BC announced that the SPCA will open four new facilities to help them house and care for animals in need throughout the province with one such facility coming to Vancouver Island.
On June 26th, Premier David Eby and BC’s Minister of Agriculture and Food, Pam Alexis, held a conference alongside representatives from the BC SPCA to announce the new facilities and give some details on the roles they will play in caring for the province’s animal owners.
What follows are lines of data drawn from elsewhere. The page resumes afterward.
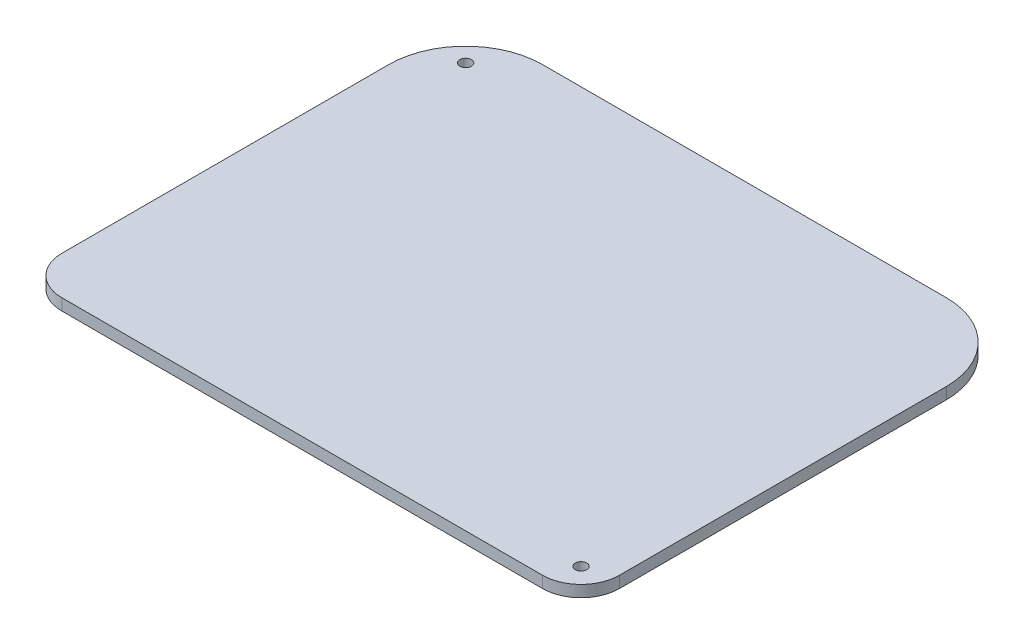
ISO-10303-21;
HEADER;
FILE_DESCRIPTION(('STEP AP214'),'2;1');
FILE_NAME('part.step','',(''),(''),'','','');
FILE_SCHEMA(('AUTOMOTIVE_DESIGN { 1 0 10303 214 1 1 1 1 }'));
ENDSEC;
DATA;
#1=APPLICATION_CONTEXT('core data for automotive mechanical design processes');
#2=APPLICATION_PROTOCOL_DEFINITION('international standard','automotive_design',2000,#1);
#3=PRODUCT_CONTEXT('',#1,'mechanical');
#4=PRODUCT('Part','Part','',(#3));
#5=PRODUCT_RELATED_PRODUCT_CATEGORY('part','',(#4));
#6=PRODUCT_DEFINITION_FORMATION('','',#4);
#7=PRODUCT_DEFINITION_CONTEXT('part definition',#1,'design');
#8=PRODUCT_DEFINITION('design','',#6,#7);
#9=PRODUCT_DEFINITION_SHAPE('','',#8);
#10=(LENGTH_UNIT() NAMED_UNIT(*) SI_UNIT(.MILLI.,.METRE.));
#11=(NAMED_UNIT(*) PLANE_ANGLE_UNIT() SI_UNIT($,.RADIAN.));
#12=(NAMED_UNIT(*) SI_UNIT($,.STERADIAN.) SOLID_ANGLE_UNIT());
#13=UNCERTAINTY_MEASURE_WITH_UNIT(LENGTH_MEASURE(1.E-05),#10,'distance_accuracy_value','');
#14=(GEOMETRIC_REPRESENTATION_CONTEXT(3) GLOBAL_UNCERTAINTY_ASSIGNED_CONTEXT((#13)) GLOBAL_UNIT_ASSIGNED_CONTEXT((#10,
#11,#12)) REPRESENTATION_CONTEXT('',''));
#15=CARTESIAN_POINT('',(0.,0.,0.));
#16=DIRECTION('',(0.,0.,1.));
#17=DIRECTION('',(1.,0.,0.));
#18=AXIS2_PLACEMENT_3D('',#15,#16,#17);
#19=CARTESIAN_POINT('',(72.5,3.,-57.5));
#20=DIRECTION('',(-1.,0.,0.));
#21=DIRECTION('',(0.,0.,1.));
#22=AXIS2_PLACEMENT_3D('',#19,#20,#21);
#23=PLANE('',#22);
#24=DIRECTION('',(0.,0.,-1.));
#25=VECTOR('',#24,1.);
#26=CARTESIAN_POINT('',(72.5,0.,-57.5));
#27=LINE('',#26,#25);
#28=CARTESIAN_POINT('',(72.5,0.,47.5));
#29=VERTEX_POINT('',#28);
#30=CARTESIAN_POINT('',(72.5,0.,-37.5));
#31=VERTEX_POINT('',#30);
#32=EDGE_CURVE('E119',#29,#31,#27,.T.);
#33=ORIENTED_EDGE('',*,*,#32,.T.);
#34=DIRECTION('',(0.,-1.,0.));
#35=VECTOR('',#34,1.);
#36=CARTESIAN_POINT('',(72.5,3.,-37.5));
#37=LINE('',#36,#35);
#38=CARTESIAN_POINT('',(72.5,3.,-37.5));
#39=VERTEX_POINT('',#38);
#40=EDGE_CURVE('E61',#31,#39,#37,.F.);
#41=ORIENTED_EDGE('',*,*,#40,.T.);
#42=DIRECTION('',(0.,0.,-1.));
#43=VECTOR('',#42,1.);
#44=CARTESIAN_POINT('',(72.5,3.,-57.5));
#45=LINE('',#44,#43);
#46=CARTESIAN_POINT('',(72.5,3.,47.5));
#47=VERTEX_POINT('',#46);
#48=EDGE_CURVE('E120',#47,#39,#45,.T.);
#49=ORIENTED_EDGE('',*,*,#48,.F.);
#50=DIRECTION('',(0.,-1.,0.));
#51=VECTOR('',#50,1.);
#52=CARTESIAN_POINT('',(72.5,3.,47.5));
#53=LINE('',#52,#51);
#54=EDGE_CURVE('E110',#47,#29,#53,.T.);
#55=ORIENTED_EDGE('',*,*,#54,.T.);
#56=EDGE_LOOP('',(#33,#41,#49,#55));
#57=FACE_BOUND('',#56,.T.);
#58=ADVANCED_FACE('F38',(#57),#23,.F.);
#59=CARTESIAN_POINT('',(-72.5,3.,-57.5));
#60=DIRECTION('',(0.,0.,1.));
#61=DIRECTION('',(1.,0.,0.));
#62=AXIS2_PLACEMENT_3D('',#59,#60,#61);
#63=PLANE('',#62);
#64=DIRECTION('',(-1.,0.,0.));
#65=VECTOR('',#64,1.);
#66=CARTESIAN_POINT('',(-72.5,3.,-57.5));
#67=LINE('',#66,#65);
#68=CARTESIAN_POINT('',(52.5,3.,-57.5));
#69=VERTEX_POINT('',#68);
#70=CARTESIAN_POINT('',(-52.5,3.,-57.5));
#71=VERTEX_POINT('',#70);
#72=EDGE_CURVE('E165',#69,#71,#67,.T.);
#73=ORIENTED_EDGE('',*,*,#72,.F.);
#74=DIRECTION('',(0.,-1.,0.));
#75=VECTOR('',#74,1.);
#76=CARTESIAN_POINT('',(52.5,3.,-57.5));
#77=LINE('',#76,#75);
#78=CARTESIAN_POINT('',(52.5,0.,-57.5));
#79=VERTEX_POINT('',#78);
#80=EDGE_CURVE('E155',#69,#79,#77,.T.);
#81=ORIENTED_EDGE('',*,*,#80,.T.);
#82=DIRECTION('',(-1.,0.,0.));
#83=VECTOR('',#82,1.);
#84=CARTESIAN_POINT('',(-72.5,0.,-57.5));
#85=LINE('',#84,#83);
#86=CARTESIAN_POINT('',(-52.5,0.,-57.5));
#87=VERTEX_POINT('',#86);
#88=EDGE_CURVE('E126',#79,#87,#85,.T.);
#89=ORIENTED_EDGE('',*,*,#88,.T.);
#90=DIRECTION('',(0.,-1.,0.));
#91=VECTOR('',#90,1.);
#92=CARTESIAN_POINT('',(-52.5,3.,-57.5));
#93=LINE('',#92,#91);
#94=EDGE_CURVE('E153',#87,#71,#93,.F.);
#95=ORIENTED_EDGE('',*,*,#94,.T.);
#96=EDGE_LOOP('',(#73,#81,#89,#95));
#97=FACE_BOUND('',#96,.T.);
#98=ADVANCED_FACE('F169',(#97),#63,.F.);
#99=CARTESIAN_POINT('',(-72.5,3.,-57.5));
#100=DIRECTION('',(1.,0.,0.));
#101=DIRECTION('',(0.,0.,-1.));
#102=AXIS2_PLACEMENT_3D('',#99,#100,#101);
#103=PLANE('',#102);
#104=DIRECTION('',(0.,0.,1.));
#105=VECTOR('',#104,1.);
#106=CARTESIAN_POINT('',(-72.5,3.,-57.5));
#107=LINE('',#106,#105);
#108=CARTESIAN_POINT('',(-72.5,3.,-37.5));
#109=VERTEX_POINT('',#108);
#110=CARTESIAN_POINT('',(-72.5,3.,47.5));
#111=VERTEX_POINT('',#110);
#112=EDGE_CURVE('E171',#109,#111,#107,.T.);
#113=ORIENTED_EDGE('',*,*,#112,.F.);
#114=DIRECTION('',(0.,-1.,0.));
#115=VECTOR('',#114,1.);
#116=CARTESIAN_POINT('',(-72.5,3.,-37.5));
#117=LINE('',#116,#115);
#118=CARTESIAN_POINT('',(-72.5,0.,-37.5));
#119=VERTEX_POINT('',#118);
#120=EDGE_CURVE('E11',#109,#119,#117,.T.);
#121=ORIENTED_EDGE('',*,*,#120,.T.);
#122=DIRECTION('',(0.,0.,1.));
#123=VECTOR('',#122,1.);
#124=CARTESIAN_POINT('',(-72.5,0.,-57.5));
#125=LINE('',#124,#123);
#126=CARTESIAN_POINT('',(-72.5,0.,47.5));
#127=VERTEX_POINT('',#126);
#128=EDGE_CURVE('E130',#119,#127,#125,.T.);
#129=ORIENTED_EDGE('',*,*,#128,.T.);
#130=DIRECTION('',(0.,-1.,0.));
#131=VECTOR('',#130,1.);
#132=CARTESIAN_POINT('',(-72.5,3.,47.5));
#133=LINE('',#132,#131);
#134=EDGE_CURVE('E150',#127,#111,#133,.F.);
#135=ORIENTED_EDGE('',*,*,#134,.T.);
#136=EDGE_LOOP('',(#113,#121,#129,#135));
#137=FACE_BOUND('',#136,.T.);
#138=ADVANCED_FACE('F189',(#137),#103,.F.);
#139=CARTESIAN_POINT('',(-72.5,3.,57.5));
#140=DIRECTION('',(0.,0.,-1.));
#141=DIRECTION('',(-1.,0.,0.));
#142=AXIS2_PLACEMENT_3D('',#139,#140,#141);
#143=PLANE('',#142);
#144=DIRECTION('',(1.,0.,0.));
#145=VECTOR('',#144,1.);
#146=CARTESIAN_POINT('',(-72.5,0.,57.5));
#147=LINE('',#146,#145);
#148=CARTESIAN_POINT('',(-62.5,0.,57.5));
#149=VERTEX_POINT('',#148);
#150=CARTESIAN_POINT('',(62.5,0.,57.5));
#151=VERTEX_POINT('',#150);
#152=EDGE_CURVE('E139',#149,#151,#147,.T.);
#153=ORIENTED_EDGE('',*,*,#152,.T.);
#154=DIRECTION('',(0.,-1.,0.));
#155=VECTOR('',#154,1.);
#156=CARTESIAN_POINT('',(62.5,3.,57.5));
#157=LINE('',#156,#155);
#158=CARTESIAN_POINT('',(62.5,3.,57.5));
#159=VERTEX_POINT('',#158);
#160=EDGE_CURVE('E111',#151,#159,#157,.F.);
#161=ORIENTED_EDGE('',*,*,#160,.T.);
#162=DIRECTION('',(1.,0.,0.));
#163=VECTOR('',#162,1.);
#164=CARTESIAN_POINT('',(-72.5,3.,57.5));
#165=LINE('',#164,#163);
#166=CARTESIAN_POINT('',(-62.5,3.,57.5));
#167=VERTEX_POINT('',#166);
#168=EDGE_CURVE('E121',#167,#159,#165,.T.);
#169=ORIENTED_EDGE('',*,*,#168,.F.);
#170=DIRECTION('',(0.,-1.,0.));
#171=VECTOR('',#170,1.);
#172=CARTESIAN_POINT('',(-62.5,3.,57.5));
#173=LINE('',#172,#171);
#174=EDGE_CURVE('E116',#167,#149,#173,.T.);
#175=ORIENTED_EDGE('',*,*,#174,.T.);
#176=EDGE_LOOP('',(#153,#161,#169,#175));
#177=FACE_BOUND('',#176,.T.);
#178=ADVANCED_FACE('F203',(#177),#143,.F.);
#179=CARTESIAN_POINT('',(0.,3.,0.));
#180=DIRECTION('',(0.,1.,0.));
#181=DIRECTION('',(0.,0.,1.));
#182=AXIS2_PLACEMENT_3D('',#179,#180,#181);
#183=PLANE('',#182);
#184=CARTESIAN_POINT('',(65.5,3.,50.5));
#185=DIRECTION('',(0.,1.,0.));
#186=DIRECTION('',(0.,0.,1.));
#187=AXIS2_PLACEMENT_3D('',#184,#185,#186);
#188=CIRCLE('',#187,1.5);
#189=CARTESIAN_POINT('',(65.5,3.,52.));
#190=VERTEX_POINT('',#189);
#191=EDGE_CURVE('E133',#190,#190,#188,.F.);
#192=ORIENTED_EDGE('',*,*,#191,.T.);
#193=EDGE_LOOP('',(#192));
#194=FACE_BOUND('',#193,.T.);
#195=CARTESIAN_POINT('',(-62.8681037641606,3.,-47.8673007714478));
#196=DIRECTION('',(0.,1.,0.));
#197=DIRECTION('',(0.,0.,1.));
#198=AXIS2_PLACEMENT_3D('',#195,#196,#197);
#199=CIRCLE('',#198,1.5);
#200=CARTESIAN_POINT('',(-62.8681037641606,3.,-46.3673007714478));
#201=VERTEX_POINT('',#200);
#202=EDGE_CURVE('E225',#201,#201,#199,.F.);
#203=ORIENTED_EDGE('',*,*,#202,.T.);
#204=EDGE_LOOP('',(#203));
#205=FACE_BOUND('',#204,.T.);
#206=ORIENTED_EDGE('',*,*,#48,.T.);
#207=CARTESIAN_POINT('',(52.5,3.,-37.5));
#208=DIRECTION('',(0.,1.,0.));
#209=DIRECTION('',(0.,0.,1.));
#210=AXIS2_PLACEMENT_3D('',#207,#208,#209);
#211=CIRCLE('',#210,20.);
#212=EDGE_CURVE('E46',#39,#69,#211,.T.);
#213=ORIENTED_EDGE('',*,*,#212,.T.);
#214=ORIENTED_EDGE('',*,*,#72,.T.);
#215=CARTESIAN_POINT('',(-52.5,3.,-37.5));
#216=DIRECTION('',(0.,1.,0.));
#217=DIRECTION('',(0.,0.,1.));
#218=AXIS2_PLACEMENT_3D('',#215,#216,#217);
#219=CIRCLE('',#218,20.);
#220=EDGE_CURVE('E53',#71,#109,#219,.T.);
#221=ORIENTED_EDGE('',*,*,#220,.T.);
#222=ORIENTED_EDGE('',*,*,#112,.T.);
#223=CARTESIAN_POINT('',(-62.5,3.,47.5));
#224=DIRECTION('',(0.,1.,0.));
#225=DIRECTION('',(0.,0.,1.));
#226=AXIS2_PLACEMENT_3D('',#223,#224,#225);
#227=CIRCLE('',#226,10.);
#228=EDGE_CURVE('E146',#111,#167,#227,.T.);
#229=ORIENTED_EDGE('',*,*,#228,.T.);
#230=ORIENTED_EDGE('',*,*,#168,.T.);
#231=CARTESIAN_POINT('',(62.5,3.,47.5));
#232=DIRECTION('',(0.,1.,0.));
#233=DIRECTION('',(0.,0.,1.));
#234=AXIS2_PLACEMENT_3D('',#231,#232,#233);
#235=CIRCLE('',#234,10.);
#236=EDGE_CURVE('E148',#159,#47,#235,.T.);
#237=ORIENTED_EDGE('',*,*,#236,.T.);
#238=EDGE_LOOP('',(#206,#213,#214,#221,#222,#229,#230,#237));
#239=FACE_BOUND('',#238,.T.);
#240=ADVANCED_FACE('F164',(#194,#205,#239),#183,.T.);
#241=CARTESIAN_POINT('',(0.,0.,0.));
#242=DIRECTION('',(0.,1.,0.));
#243=DIRECTION('',(0.,0.,1.));
#244=AXIS2_PLACEMENT_3D('',#241,#242,#243);
#245=PLANE('',#244);
#246=CARTESIAN_POINT('',(65.5,0.,50.5));
#247=DIRECTION('',(0.,-1.,0.));
#248=DIRECTION('',(0.,0.,-1.));
#249=AXIS2_PLACEMENT_3D('',#246,#247,#248);
#250=CIRCLE('',#249,1.5);
#251=CARTESIAN_POINT('',(65.5,0.,49.));
#252=VERTEX_POINT('',#251);
#253=EDGE_CURVE('E127',#252,#252,#250,.T.);
#254=ORIENTED_EDGE('',*,*,#253,.F.);
#255=EDGE_LOOP('',(#254));
#256=FACE_BOUND('',#255,.T.);
#257=CARTESIAN_POINT('',(-62.8681037641606,0.,-47.8673007714478));
#258=DIRECTION('',(0.,-1.,0.));
#259=DIRECTION('',(0.,0.,-1.));
#260=AXIS2_PLACEMENT_3D('',#257,#258,#259);
#261=CIRCLE('',#260,1.5);
#262=CARTESIAN_POINT('',(-62.8681037641606,0.,-49.3673007714478));
#263=VERTEX_POINT('',#262);
#264=EDGE_CURVE('E228',#263,#263,#261,.T.);
#265=ORIENTED_EDGE('',*,*,#264,.F.);
#266=EDGE_LOOP('',(#265));
#267=FACE_BOUND('',#266,.T.);
#268=ORIENTED_EDGE('',*,*,#88,.F.);
#269=CARTESIAN_POINT('',(52.5,0.,-37.5));
#270=DIRECTION('',(0.,1.,0.));
#271=DIRECTION('',(0.,0.,1.));
#272=AXIS2_PLACEMENT_3D('',#269,#270,#271);
#273=CIRCLE('',#272,20.);
#274=EDGE_CURVE('E125',#79,#31,#273,.F.);
#275=ORIENTED_EDGE('',*,*,#274,.T.);
#276=ORIENTED_EDGE('',*,*,#32,.F.);
#277=CARTESIAN_POINT('',(62.5,0.,47.5));
#278=DIRECTION('',(0.,1.,0.));
#279=DIRECTION('',(0.,0.,1.));
#280=AXIS2_PLACEMENT_3D('',#277,#278,#279);
#281=CIRCLE('',#280,10.);
#282=EDGE_CURVE('E106',#29,#151,#281,.F.);
#283=ORIENTED_EDGE('',*,*,#282,.T.);
#284=ORIENTED_EDGE('',*,*,#152,.F.);
#285=CARTESIAN_POINT('',(-62.5,0.,47.5));
#286=DIRECTION('',(0.,1.,0.));
#287=DIRECTION('',(0.,0.,1.));
#288=AXIS2_PLACEMENT_3D('',#285,#286,#287);
#289=CIRCLE('',#288,10.);
#290=EDGE_CURVE('E117',#149,#127,#289,.F.);
#291=ORIENTED_EDGE('',*,*,#290,.T.);
#292=ORIENTED_EDGE('',*,*,#128,.F.);
#293=CARTESIAN_POINT('',(-52.5,0.,-37.5));
#294=DIRECTION('',(0.,1.,0.));
#295=DIRECTION('',(0.,0.,1.));
#296=AXIS2_PLACEMENT_3D('',#293,#294,#295);
#297=CIRCLE('',#296,20.);
#298=EDGE_CURVE('E158',#119,#87,#297,.F.);
#299=ORIENTED_EDGE('',*,*,#298,.T.);
#300=EDGE_LOOP('',(#268,#275,#276,#283,#284,#291,#292,#299));
#301=FACE_BOUND('',#300,.T.);
#302=ADVANCED_FACE('F124',(#256,#267,#301),#245,.F.);
#303=CARTESIAN_POINT('',(62.5,3.,47.5));
#304=DIRECTION('',(0.,-1.,0.));
#305=DIRECTION('',(0.,0.,-1.));
#306=AXIS2_PLACEMENT_3D('',#303,#304,#305);
#307=CYLINDRICAL_SURFACE('',#306,10.);
#308=ORIENTED_EDGE('',*,*,#236,.F.);
#309=ORIENTED_EDGE('',*,*,#160,.F.);
#310=ORIENTED_EDGE('',*,*,#282,.F.);
#311=ORIENTED_EDGE('',*,*,#54,.F.);
#312=EDGE_LOOP('',(#308,#309,#310,#311));
#313=FACE_BOUND('',#312,.T.);
#314=ADVANCED_FACE('F109',(#313),#307,.T.);
#315=CARTESIAN_POINT('',(-62.5,3.,47.5));
#316=DIRECTION('',(0.,-1.,0.));
#317=DIRECTION('',(0.,0.,-1.));
#318=AXIS2_PLACEMENT_3D('',#315,#316,#317);
#319=CYLINDRICAL_SURFACE('',#318,10.);
#320=ORIENTED_EDGE('',*,*,#228,.F.);
#321=ORIENTED_EDGE('',*,*,#134,.F.);
#322=ORIENTED_EDGE('',*,*,#290,.F.);
#323=ORIENTED_EDGE('',*,*,#174,.F.);
#324=EDGE_LOOP('',(#320,#321,#322,#323));
#325=FACE_BOUND('',#324,.T.);
#326=ADVANCED_FACE('F175',(#325),#319,.T.);
#327=CARTESIAN_POINT('',(52.5,3.,-37.5));
#328=DIRECTION('',(0.,-1.,0.));
#329=DIRECTION('',(0.,0.,-1.));
#330=AXIS2_PLACEMENT_3D('',#327,#328,#329);
#331=CYLINDRICAL_SURFACE('',#330,20.);
#332=ORIENTED_EDGE('',*,*,#212,.F.);
#333=ORIENTED_EDGE('',*,*,#40,.F.);
#334=ORIENTED_EDGE('',*,*,#274,.F.);
#335=ORIENTED_EDGE('',*,*,#80,.F.);
#336=EDGE_LOOP('',(#332,#333,#334,#335));
#337=FACE_BOUND('',#336,.T.);
#338=ADVANCED_FACE('F173',(#337),#331,.T.);
#339=CARTESIAN_POINT('',(-52.5,3.,-37.5));
#340=DIRECTION('',(0.,-1.,0.));
#341=DIRECTION('',(0.,0.,-1.));
#342=AXIS2_PLACEMENT_3D('',#339,#340,#341);
#343=CYLINDRICAL_SURFACE('',#342,20.);
#344=ORIENTED_EDGE('',*,*,#220,.F.);
#345=ORIENTED_EDGE('',*,*,#94,.F.);
#346=ORIENTED_EDGE('',*,*,#298,.F.);
#347=ORIENTED_EDGE('',*,*,#120,.F.);
#348=EDGE_LOOP('',(#344,#345,#346,#347));
#349=FACE_BOUND('',#348,.T.);
#350=ADVANCED_FACE('F40',(#349),#343,.T.);
#351=CARTESIAN_POINT('',(-62.8681037641606,3.001,-47.8673007714478));
#352=DIRECTION('',(0.,-1.,0.));
#353=DIRECTION('',(0.,0.,-1.));
#354=AXIS2_PLACEMENT_3D('',#351,#352,#353);
#355=CYLINDRICAL_SURFACE('',#354,1.5);
#356=ORIENTED_EDGE('',*,*,#202,.F.);
#357=EDGE_LOOP('',(#356));
#358=FACE_BOUND('',#357,.T.);
#359=ORIENTED_EDGE('',*,*,#264,.T.);
#360=EDGE_LOOP('',(#359));
#361=FACE_BOUND('',#360,.T.);
#362=ADVANCED_FACE('F180',(#358,#361),#355,.F.);
#363=CARTESIAN_POINT('',(65.5,3.001,50.5));
#364=DIRECTION('',(0.,-1.,0.));
#365=DIRECTION('',(0.,0.,-1.));
#366=AXIS2_PLACEMENT_3D('',#363,#364,#365);
#367=CYLINDRICAL_SURFACE('',#366,1.5);
#368=ORIENTED_EDGE('',*,*,#191,.F.);
#369=EDGE_LOOP('',(#368));
#370=FACE_BOUND('',#369,.T.);
#371=ORIENTED_EDGE('',*,*,#253,.T.);
#372=EDGE_LOOP('',(#371));
#373=FACE_BOUND('',#372,.T.);
#374=ADVANCED_FACE('F235',(#370,#373),#367,.F.);
#375=CLOSED_SHELL('',(#58,#98,#138,#178,#240,#302,#314,#326,#338,#350,#362,#374));
#376=MANIFOLD_SOLID_BREP('B2',#375);
#377=ADVANCED_BREP_SHAPE_REPRESENTATION('',(#18,#376),#14);
#378=SHAPE_DEFINITION_REPRESENTATION(#9,#377);
ENDSEC;
END-ISO-10303-21;

“For many British Columbians, pets are part of the family,” said Premier Eby. “Yet sadly, it’s still too common to hear about abandoned or mistreated animals.”
“British Columbians care deeply about the welfare of all animals. That’s why we’re helping the BC SPCA build four new facilities where rescue animals will be able to get the high-quality care they need and deserve, before they find new homes,” he continued.
All in all, the province is contributing $12 million to help build the new facilities which will be located in Duncan, Prince George, Vancouver and Fort St. John.
In all of these municipalities, the new facilities are meant to replace SPCA operations that were either closed, outdated or ill-designed for modern animal care.
Duncan’s new facility, the Vancouver Island Animal Behaviour Centre (VIABC), will be a state-of-the-art endeavour to aid animals who deal with behavioural difficulties — it will be the first of its kind in Canada.
The VIABC will benefit from a $1 million contribution from the province which will go toward replacing the facility the SPCA has been operating out of for the past 27-years.
“We’re seeing growing numbers of anxious, fearful and under-socialized animals coming into our care,” said Jamey Blair, senior manager, Interior/North Animal Care Services, BC SPCA.
“On Vancouver Island, depending on the community, this can be as much as 18% of dogs and 30% of cats in our care. The new Vancouver Island Animal Behaviour Centre in Cowichan will give many animals a chance to go on to live happy lives with loving families.”
Fort St. John’s SPCA will get $1 million to replace a facility that is currently structurally unfit to house animals or people, Vancouver’s SPCA will be getting $7 million for an animal hospital and an education centre and lastly, the SPCA in Prince George will get a $3 million contribution from BC for a centre that will provide regional support to wild caribou populations.
In addition to this large new contribution to the work done by the BC SPCA, Premier Eby spoke to the efforts the province is making to protect puppies and kittens from being products of unethical breeding practices.
He says BC is working on strengthening regulations and the licensing framework that animal breeders are subject to.